What you will do:
Give the lines below again exactly, starting with the line that holds "#11=(NAMED_UNIT(*) PLANE_ANGLE_UNIT() SI_UNIT($,.RADIAN.));" and going on through the line that holds "#17=DIRECTION('',(1.,0.,0.));".

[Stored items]
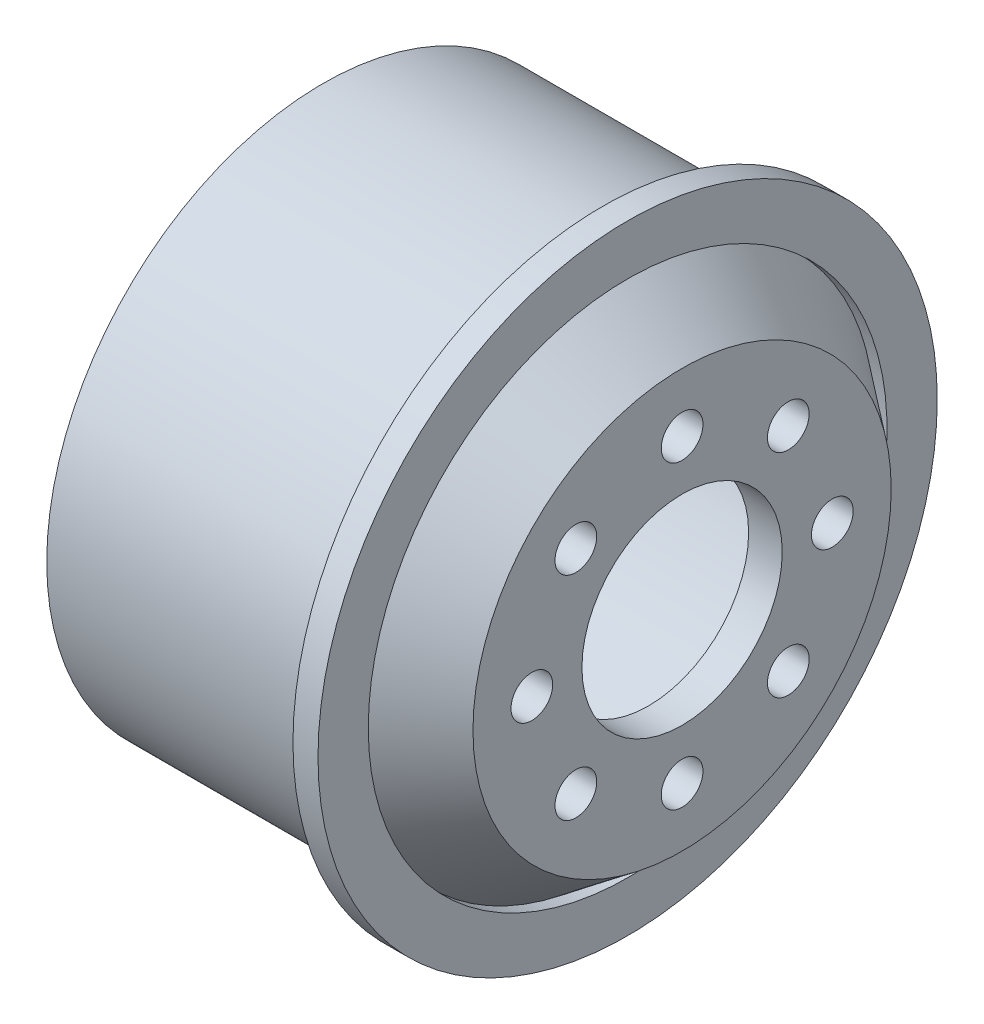
ISO-10303-21;
HEADER;
FILE_DESCRIPTION(('STEP AP214'),'2;1');
FILE_NAME('part.step','',(''),(''),'','','');
FILE_SCHEMA(('AUTOMOTIVE_DESIGN { 1 0 10303 214 1 1 1 1 }'));
ENDSEC;
DATA;
#1=APPLICATION_CONTEXT('core data for automotive mechanical design processes');
#2=APPLICATION_PROTOCOL_DEFINITION('international standard','automotive_design',2000,#1);
#3=PRODUCT_CONTEXT('',#1,'mechanical');
#4=PRODUCT('Part','Part','',(#3));
#5=PRODUCT_RELATED_PRODUCT_CATEGORY('part','',(#4));
#6=PRODUCT_DEFINITION_FORMATION('','',#4);
#7=PRODUCT_DEFINITION_CONTEXT('part definition',#1,'design');
#8=PRODUCT_DEFINITION('design','',#6,#7);
#9=PRODUCT_DEFINITION_SHAPE('','',#8);
#10=(LENGTH_UNIT() NAMED_UNIT(*) SI_UNIT(.MILLI.,.METRE.));
#11=(NAMED_UNIT(*) PLANE_ANGLE_UNIT() SI_UNIT($,.RADIAN.));
#12=(NAMED_UNIT(*) SI_UNIT($,.STERADIAN.) SOLID_ANGLE_UNIT());
#13=UNCERTAINTY_MEASURE_WITH_UNIT(LENGTH_MEASURE(1.E-05),#10,'distance_accuracy_value','');
#14=(GEOMETRIC_REPRESENTATION_CONTEXT(3) GLOBAL_UNCERTAINTY_ASSIGNED_CONTEXT((#13)) GLOBAL_UNIT_ASSIGNED_CONTEXT((#10,
#11,#12)) REPRESENTATION_CONTEXT('',''));
#15=CARTESIAN_POINT('',(0.,0.,0.));
#16=DIRECTION('',(0.,0.,1.));
#17=DIRECTION('',(1.,0.,0.));
#18=AXIS2_PLACEMENT_3D('',#15,#16,#17);
#19=CARTESIAN_POINT('',(8.94905610019216,0.,-12.5284799363778));
#20=DIRECTION('',(-1.,0.,0.));
#21=DIRECTION('',(0.,0.,1.));
#22=AXIS2_PLACEMENT_3D('',#19,#20,#21);
#23=PLANE('',#22);
#24=CARTESIAN_POINT('',(8.94905610019216,9.,0.));
#25=DIRECTION('',(1.,0.,0.));
#26=DIRECTION('',(0.,0.,-1.));
#27=AXIS2_PLACEMENT_3D('',#24,#25,#26);
#28=CIRCLE('',#27,1.25);
#29=CARTESIAN_POINT('',(8.94905610019216,9.,-1.25));
#30=VERTEX_POINT('',#29);
#31=EDGE_CURVE('E60',#30,#30,#28,.T.);
#32=ORIENTED_EDGE('',*,*,#31,.F.);
#33=EDGE_LOOP('',(#32));
#34=FACE_BOUND('',#33,.T.);
#35=CARTESIAN_POINT('',(8.94905610019216,6.36396103067923,-6.36396103067905));
#36=DIRECTION('',(1.,0.,0.));
#37=DIRECTION('',(0.,0.,-1.));
#38=AXIS2_PLACEMENT_3D('',#35,#36,#37);
#39=CIRCLE('',#38,1.25000000000005);
#40=CARTESIAN_POINT('',(8.94905610019216,6.36396103067923,-7.6139610306791));
#41=VERTEX_POINT('',#40);
#42=EDGE_CURVE('E219',#41,#41,#39,.T.);
#43=ORIENTED_EDGE('',*,*,#42,.F.);
#44=EDGE_LOOP('',(#43));
#45=FACE_BOUND('',#44,.T.);
#46=CARTESIAN_POINT('',(8.94905610019216,4.24427438917382E-13,-9.00000000000042));
#47=DIRECTION('',(1.,0.,0.));
#48=DIRECTION('',(0.,0.,-1.));
#49=AXIS2_PLACEMENT_3D('',#46,#47,#48);
#50=CIRCLE('',#49,1.25);
#51=CARTESIAN_POINT('',(8.94905610019216,4.24427438917382E-13,-10.2500000000004));
#52=VERTEX_POINT('',#51);
#53=EDGE_CURVE('E223',#52,#52,#50,.T.);
#54=ORIENTED_EDGE('',*,*,#53,.F.);
#55=EDGE_LOOP('',(#54));
#56=FACE_BOUND('',#55,.T.);
#57=CARTESIAN_POINT('',(8.94905610019216,-6.36396103067863,-6.36396103067965));
#58=DIRECTION('',(1.,0.,0.));
#59=DIRECTION('',(0.,0.,-1.));
#60=AXIS2_PLACEMENT_3D('',#57,#58,#59);
#61=CIRCLE('',#60,1.25);
#62=CARTESIAN_POINT('',(8.94905610019216,-6.36396103067863,-7.61396103067965));
#63=VERTEX_POINT('',#62);
#64=EDGE_CURVE('E229',#63,#63,#61,.T.);
#65=ORIENTED_EDGE('',*,*,#64,.F.);
#66=EDGE_LOOP('',(#65));
#67=FACE_BOUND('',#66,.T.);
#68=CARTESIAN_POINT('',(8.94905610019216,-9.,-8.48854877834764E-13));
#69=DIRECTION('',(1.,0.,0.));
#70=DIRECTION('',(0.,0.,-1.));
#71=AXIS2_PLACEMENT_3D('',#68,#69,#70);
#72=CIRCLE('',#71,1.25);
#73=CARTESIAN_POINT('',(8.94905610019216,-9.,-1.25000000000085));
#74=VERTEX_POINT('',#73);
#75=EDGE_CURVE('E233',#74,#74,#72,.T.);
#76=ORIENTED_EDGE('',*,*,#75,.F.);
#77=EDGE_LOOP('',(#76));
#78=FACE_BOUND('',#77,.T.);
#79=CARTESIAN_POINT('',(8.94905610019216,-6.36396103067923,6.3639610306782));
#80=DIRECTION('',(1.,0.,0.));
#81=DIRECTION('',(0.,0.,-1.));
#82=AXIS2_PLACEMENT_3D('',#79,#80,#81);
#83=CIRCLE('',#82,1.25);
#84=CARTESIAN_POINT('',(8.94905610019216,-6.36396103067923,5.1139610306782));
#85=VERTEX_POINT('',#84);
#86=EDGE_CURVE('E237',#85,#85,#83,.T.);
#87=ORIENTED_EDGE('',*,*,#86,.F.);
#88=EDGE_LOOP('',(#87));
#89=FACE_BOUND('',#88,.T.);
#90=CARTESIAN_POINT('',(8.94905610019216,-4.25529621036614E-13,8.99999999999958));
#91=DIRECTION('',(1.,0.,0.));
#92=DIRECTION('',(0.,0.,-1.));
#93=AXIS2_PLACEMENT_3D('',#90,#91,#92);
#94=CIRCLE('',#93,1.25);
#95=CARTESIAN_POINT('',(8.94905610019216,-4.25529621036614E-13,7.74999999999958));
#96=VERTEX_POINT('',#95);
#97=EDGE_CURVE('E240',#96,#96,#94,.T.);
#98=ORIENTED_EDGE('',*,*,#97,.F.);
#99=EDGE_LOOP('',(#98));
#100=FACE_BOUND('',#99,.T.);
#101=CARTESIAN_POINT('',(8.94905610019216,6.36396103067863,6.3639610306788));
#102=DIRECTION('',(1.,0.,0.));
#103=DIRECTION('',(0.,0.,-1.));
#104=AXIS2_PLACEMENT_3D('',#101,#102,#103);
#105=CIRCLE('',#104,1.25);
#106=CARTESIAN_POINT('',(8.94905610019216,6.36396103067863,5.1139610306788));
#107=VERTEX_POINT('',#106);
#108=EDGE_CURVE('E100',#107,#107,#105,.T.);
#109=ORIENTED_EDGE('',*,*,#108,.F.);
#110=EDGE_LOOP('',(#109));
#111=FACE_BOUND('',#110,.T.);
#112=CARTESIAN_POINT('',(8.94905610019216,0.,0.));
#113=DIRECTION('',(-1.,0.,0.));
#114=DIRECTION('',(0.,0.,1.));
#115=AXIS2_PLACEMENT_3D('',#112,#113,#114);
#116=CIRCLE('',#115,12.5284799363778);
#117=CARTESIAN_POINT('',(8.94905610019216,0.,12.5284799363778));
#118=VERTEX_POINT('',#117);
#119=EDGE_CURVE('E10',#118,#118,#116,.T.);
#120=ORIENTED_EDGE('',*,*,#119,.F.);
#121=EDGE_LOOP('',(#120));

Task result:
#11=(NAMED_UNIT(*) PLANE_ANGLE_UNIT() SI_UNIT($,.RADIAN.));
#12=(NAMED_UNIT(*) SI_UNIT($,.STERADIAN.) SOLID_ANGLE_UNIT());
#13=UNCERTAINTY_MEASURE_WITH_UNIT(LENGTH_MEASURE(1.E-05),#10,'distance_accuracy_value','');
#14=(GEOMETRIC_REPRESENTATION_CONTEXT(3) GLOBAL_UNCERTAINTY_ASSIGNED_CONTEXT((#13)) GLOBAL_UNIT_ASSIGNED_CONTEXT((#10,
#11,#12)) REPRESENTATION_CONTEXT('',''));
#15=CARTESIAN_POINT('',(0.,0.,0.));
#16=DIRECTION('',(0.,0.,1.));
#17=DIRECTION('',(1.,0.,0.));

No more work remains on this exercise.